I first thought maybe it was the RAM because I bought some pretty cheap RAM. I've changed the timings to manufacturers specs, but it still locks ups. I've overclocked the Processor, but I changed that back to stock since I was having reliability issues.

Here's what I have bought it all from Newegg:

AMD Athlon 64 X2 5000+ Brisbane 2.6GHz Socket AM2 65W Black Edition Processor http://www.newegg.com/Product/Product.asp?Item=N82E16819103194
MSI K9N4 SLI-F AM2 NVIDIA nForce 500 SLI MCP ATX AMD Motherboard http://www.newegg.com/Product/Product.asp?Item=N82E16813130071
Rosewill RP600V2-S-SL 600W SLI Ready-ATX12V V2.01 Power Supply
http://www.newegg.com/Product/Product.asp?Item=N82E16817182032
EVGA 256-P2-N751-TR GeForce 8600GT 256MB 128-bit GDDR3 PCI Express x16 SLI Supported 
http://www.newegg.com/Product/Product.asp?Item=N82E16814130085
G.SKILL 2GB (2 x 1GB) 240-Pin DDR2 SDRAM DDR2 800 (PC2 6400) 
http://www.newegg.com/Product/Product.asp?Item=N82E16820231098
It's somewhat of a budget PC, but it's pretty damn fast when it's stable. I've done most of my homework and found that to check my memory, use Prime95 or Memtest 86+, I've benchmarked it with PCMark05v1.2 (5500). They aren't finding any errors, but I've never used them before so I don't know if I'm using Prime95 correctly or not and Memtest isn't picking up anything either.
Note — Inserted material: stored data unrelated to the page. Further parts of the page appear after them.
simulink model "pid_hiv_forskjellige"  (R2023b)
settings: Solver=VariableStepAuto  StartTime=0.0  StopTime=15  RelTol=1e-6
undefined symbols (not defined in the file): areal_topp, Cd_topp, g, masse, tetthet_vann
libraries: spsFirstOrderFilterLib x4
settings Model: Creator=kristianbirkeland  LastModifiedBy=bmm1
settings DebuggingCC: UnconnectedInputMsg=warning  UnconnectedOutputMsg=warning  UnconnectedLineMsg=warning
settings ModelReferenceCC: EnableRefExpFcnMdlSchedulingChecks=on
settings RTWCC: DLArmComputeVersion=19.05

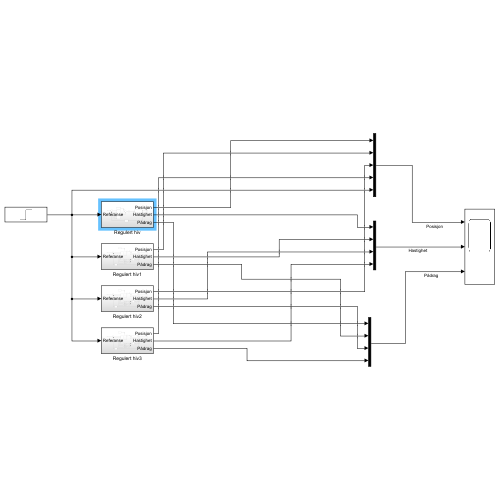
[thumbnail: Simulink's stored preview of the top-level diagram]
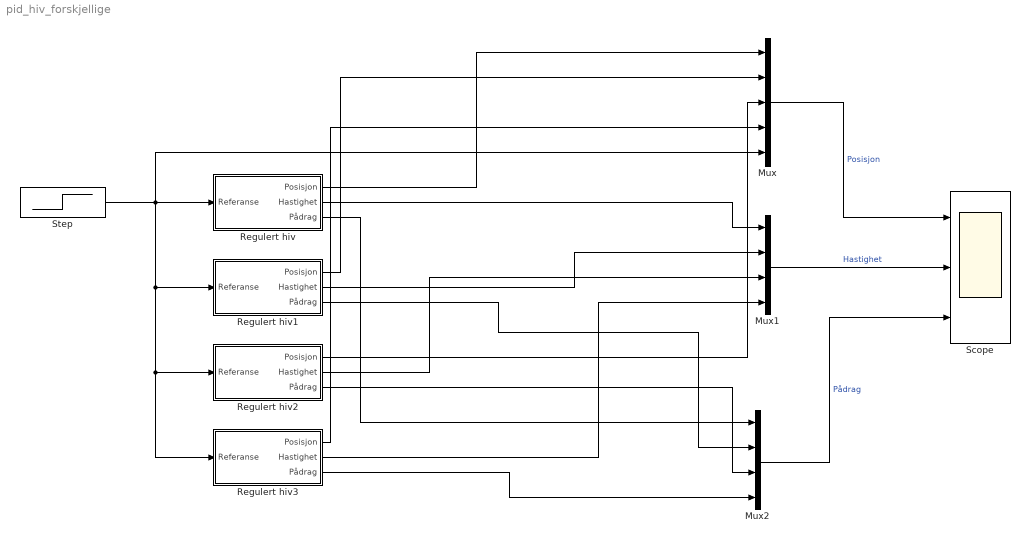
== system pid_hiv_forskjellige ==
  Mux : Mux  Inputs=5
  Mux1 : Mux
  Mux2 : Mux
  Regulert hiv : Subsystem
  Regulert hiv1 : Subsystem
  Regulert hiv2 : Subsystem
  Regulert hiv3 : Subsystem
  Scope : Scope  NumInputPorts=3
  Step : Step  After=0.6  SampleTime=0
  wires:
  Step/1 -> Regulert hiv3/1(Referanse), Regulert hiv2/1(Referanse), Regulert hiv1/1(Referanse), Mux/5, Regulert hiv/1(Referanse)
  Mux/1 -> Scope/1  "Posisjon"
  Regulert hiv/1(Posisjon) -> Mux/1
  Regulert hiv1/1(Posisjon) -> Mux/2
  Regulert hiv2/1(Posisjon) -> Mux/3
  Regulert hiv3/1(Posisjon) -> Mux/4
  Regulert hiv/2(Hastighet) -> Mux1/1
  Regulert hiv1/2(Hastighet) -> Mux1/2
  Regulert hiv2/2(Hastighet) -> Mux1/3
  Regulert hiv3/2(Hastighet) -> Mux1/4
  Regulert hiv3/3(Pådrag) -> Mux2/4
  Regulert hiv2/3(Pådrag) -> Mux2/3
  Regulert hiv1/3(Pådrag) -> Mux2/2
  Regulert hiv/3(Pådrag) -> Mux2/1
  Mux1/1 -> Scope/2  "Hastighet"
  Mux2/1 -> Scope/3  "Pådrag"

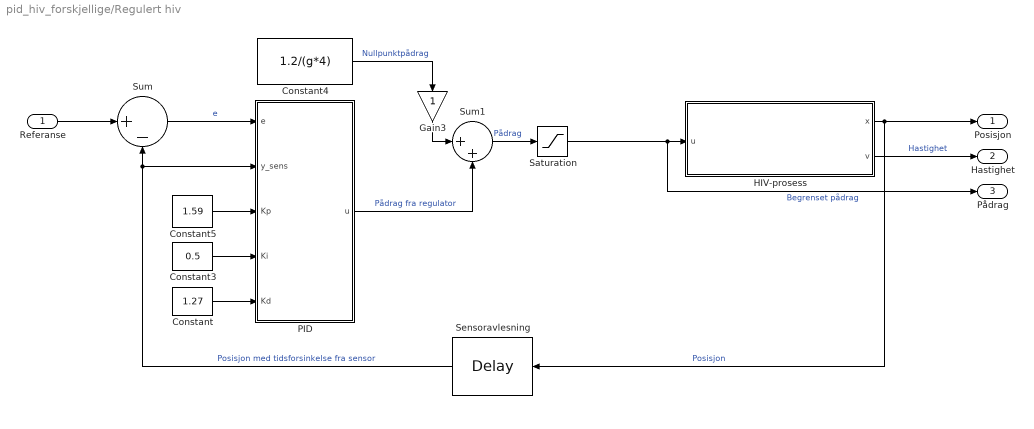
== system pid_hiv_forskjellige/Regulert hiv ==
  Referanse : Inport
  Constant : Constant  Value=1.27
  Constant3 : Constant  Value=0.5
  Constant4 : Constant  Value=1.2/(g*4)
  Constant5 : Constant  Value=1.59
  Gain3 : Gain
  HIV-prosess : Subsystem
      settings: AttributesFormatString=Hiv-modell
  PID : Subsystem
  Saturation : Saturate  UpperLimit=2.7  LowerLimit=-2.7
  Sensoravlesning : TransportDelay  DelayTime=0.2
  Sum : Sum  Inputs=|+-
  Sum1 : Sum  Inputs=|++
  Posisjon : Outport
  Hastighet : Outport  Port=2
  Pådrag : Outport  Port=3
  wires:
  PID/1(u) -> Sum1/2  "Pådrag fra regulator"
  Sum/1 -> PID/1(e)  "e"
  Constant/1 -> PID/5(Kd)
  Gain3/1 -> Sum1/1
  Sensoravlesning/1 -> Sum/2, PID/2(y_sens)  "Posisjon med tidsforsinkelse fra sensor"
  HIV-prosess/1(x) -> Posisjon/1, Sensoravlesning/1  "Posisjon"
  HIV-prosess/2(v) -> Hastighet/1  "Hastighet"
  Referanse/1 -> Sum/1
  Sum1/1 -> Saturation/1  "Pådrag"
  Constant4/1 -> Gain3/1  "Nullpunktpådrag"
  Saturation/1 -> HIV-prosess/1(u), Pådrag/1  "Begrenset pådrag"
  Constant3/1 -> PID/4(Ki)
  Constant5/1 -> PID/3(Kp)

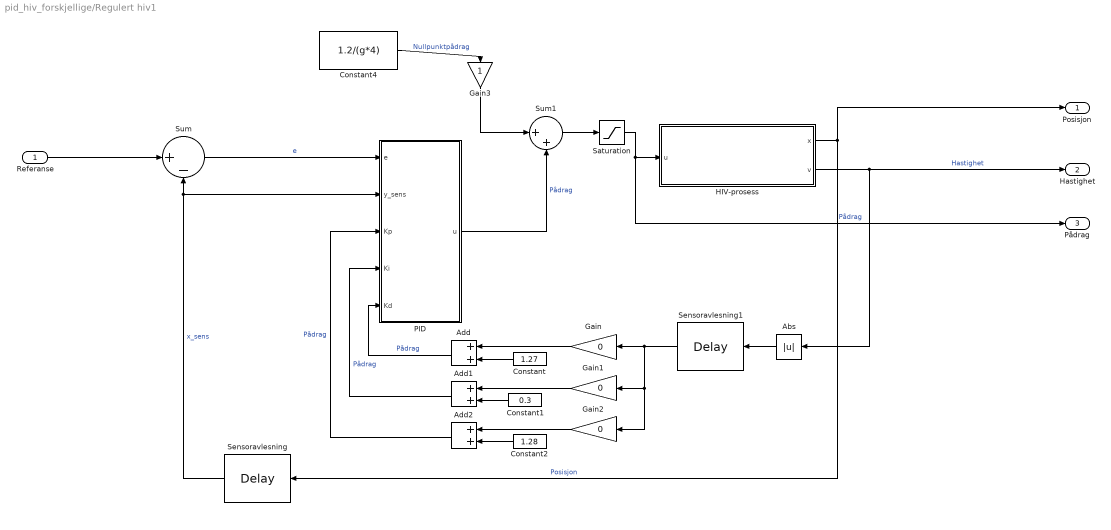
== system pid_hiv_forskjellige/Regulert hiv1 ==
  Referanse : Inport
  Abs : Abs  SaturateOnIntegerOverflow=off
  Add : Sum
  Add1 : Sum
  Add2 : Sum
  Constant : Constant  Value=1.27
  Constant1 : Constant  Value=0.3
  Constant2 : Constant  Value=1.28
  Constant4 : Constant  Value=1.2/(g*4)
  Gain : Gain  Gain=0
  Gain1 : Gain  Gain=0
  Gain2 : Gain  Gain=0
  Gain3 : Gain
  HIV-prosess : Subsystem
      settings: AttributesFormatString=Hiv-modell
  PID : Subsystem
  Saturation : Saturate  UpperLimit=2.7  LowerLimit=-2.7
  Sensoravlesning : TransportDelay  DelayTime=0.2
  Sensoravlesning1 : TransportDelay  DelayTime=0.15
  Sum : Sum  Inputs=|+-
  Sum1 : Sum  Inputs=|++
  Posisjon : Outport
  Hastighet : Outport  Port=2
  Pådrag : Outport  Port=3
  wires:
  PID/1(u) -> Sum1/2  "Pådrag"
  Gain2/1 -> Add2/1
  Add/1 -> PID/5(Kd)  "Pådrag"
  Gain1/1 -> Add1/1
  Sum/1 -> PID/1(e)  "e"
  Constant2/1 -> Add2/2
  Gain/1 -> Add/1
  Abs/1 -> Sensoravlesning1/1
  Add1/1 -> PID/4(Ki)  "Pådrag"
  Constant/1 -> Add/2
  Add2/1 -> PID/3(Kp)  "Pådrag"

Conclusion: I don't know how to find out if it's my Memory and just send it back and get something more reliable? Or if something else is the cause. Please and thanks for all the help/input.


----------



## 1 g0t 0wn3d (Jan 31, 2007)

Can you try another power supply?

Also what are your temps and voltages check with speedfan in my sig.


----------



## Sgt_Grim_Reaper (Nov 11, 2004)

CPU temps was my first thought also. One of my PC's did this before, it was the same thing. AMD used to have a sticker or something you had to peel off the CPU fan before you put it on.


----------



## mcwilson (Nov 12, 2007)

Okay I started SpeedFan and it seems to detect automatically, but here are the temps: Temp=49C, HD1=30C, Core=11C, Core=49C, Ambient=0C. Won't show voltage on SpeedFan.

I have my own software with temps and they read out a lot differently.
I get CPU=25C, System=38C, Voltage is Vcore=1.35, Memory=1.9.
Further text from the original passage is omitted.